The Windows client is still in beta testing, and didn’t work well for me on an up-to-date Windows 10 laptop; I couldn’t get it to expand with the latest beta release and restarting the laptop. It’s also “headless,” as noted above, and has no snippet-editing or preferences interface.
Hidden in plain sight
Previously, Smile hasn’t stored any snippet information on servers under its control. Any syncing involved required a third-party service, and snippets were as vulnerable to disclosure as the policies and protections offered by those other firms, like Dropbox and Apple (for iCloud).
Now, central storage of snippets is mandatory. The new ecosystem stores everything on Smile’s servers, uses the web app as a view into storage and administration, and treats apps as synchronized end points. This invites more scrutiny of Smile’s security and encryption. The company’s co-founder, Greg Scown, answered a number of questions via email that weren’t on the firm’s website as I wrote this, but the company plans to provide more detail.
Smile fundamentally maintains that its users shouldn’t put anything that’s generally useful to another party if it were stolen, such as social security numbers and passwords. That’s impossible to enforce, of course, and snippets used inside a company—even the full set of responses a company uses for customer service—could reveal sensitive information alone or when viewed as a set.

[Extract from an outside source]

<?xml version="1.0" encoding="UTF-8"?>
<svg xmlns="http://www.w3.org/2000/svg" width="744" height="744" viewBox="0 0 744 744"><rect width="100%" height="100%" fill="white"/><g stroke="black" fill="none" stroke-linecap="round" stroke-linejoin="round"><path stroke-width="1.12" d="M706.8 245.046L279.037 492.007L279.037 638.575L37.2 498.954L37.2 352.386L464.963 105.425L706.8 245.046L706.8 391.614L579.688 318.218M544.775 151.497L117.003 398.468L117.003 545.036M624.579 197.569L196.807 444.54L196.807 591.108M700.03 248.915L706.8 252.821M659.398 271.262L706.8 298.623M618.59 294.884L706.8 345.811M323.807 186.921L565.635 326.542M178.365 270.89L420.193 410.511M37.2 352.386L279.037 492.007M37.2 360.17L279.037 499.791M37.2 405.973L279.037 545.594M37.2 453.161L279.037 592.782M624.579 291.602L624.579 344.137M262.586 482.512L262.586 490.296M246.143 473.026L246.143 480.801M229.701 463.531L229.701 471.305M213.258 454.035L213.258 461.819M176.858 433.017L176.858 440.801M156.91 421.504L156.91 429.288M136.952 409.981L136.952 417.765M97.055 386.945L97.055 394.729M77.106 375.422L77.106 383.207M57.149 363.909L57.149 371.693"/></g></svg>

All the apps and the website use the most recent secure version of TLS (version 1.2) for encrypted sessions, such as over https. However, the apps and website don’t use certificate pinning, in which the digital certificates used to validate identity are restricted to be accepted only if issued by a small number of outside parties. Pinning prevents subverting operating systems through malware that can install root certificates that would produce valid-looking documents that a pinned app would reject, but a non-pinned one would accept. It’s seen by security experts as a best practice for iOS apps by Apple and for apps in general.
Scown says Smile stores snippets at rest in unencrypted form on database servers operated by Compose.io, an IBM company. The company evaluated using solutions in which data is always encrypted except during the moments items are needed for syncing or updating, and found the other security elements—such as how passwords were restricted—were lacking in its evaluation.
There’s a difference between unencrypted and insecure, and it’s not de facto unsafe that Smile has made this choice. An attacker has to defeat multiple lines of defense to obtain the raw data—like two-factor authentication—and the raw data in snippets isn’t likely to be as valuable (and thus it’s much less likely to be a target) as, say, information stored by a password-syncing company like AgileBits or LastPass. Data encrypted “at rest” is yet another bar an attacker has to pass, but it’s not insuperable, either.
However, I believe Smile’s approach is naive given the current security climate. Other firms operating sync, backup, and hosting services that have native and web clients can let subscribers create a private passphrase that’s used for a per-account encryption key so that data is always encrypted in storage. These systems can support various methods to allow shared access to the same resource, as well.
This may seem like overkill and it adds a support burden to Smile (a lost passphrase means snippets would be unavailable unless backed up locally), but with their subscription cost, this seems like a reasonable baseline for which to ask. There are many approaches, and Smile chose none of them.
One more issue, highlighted after this review was originally published. The terms of service for TextExpander states explicitly, “The Service is not intended for use by users employed by any federal, state or local government.” This is likely intended to reduce liability, but it strikes another sour security note.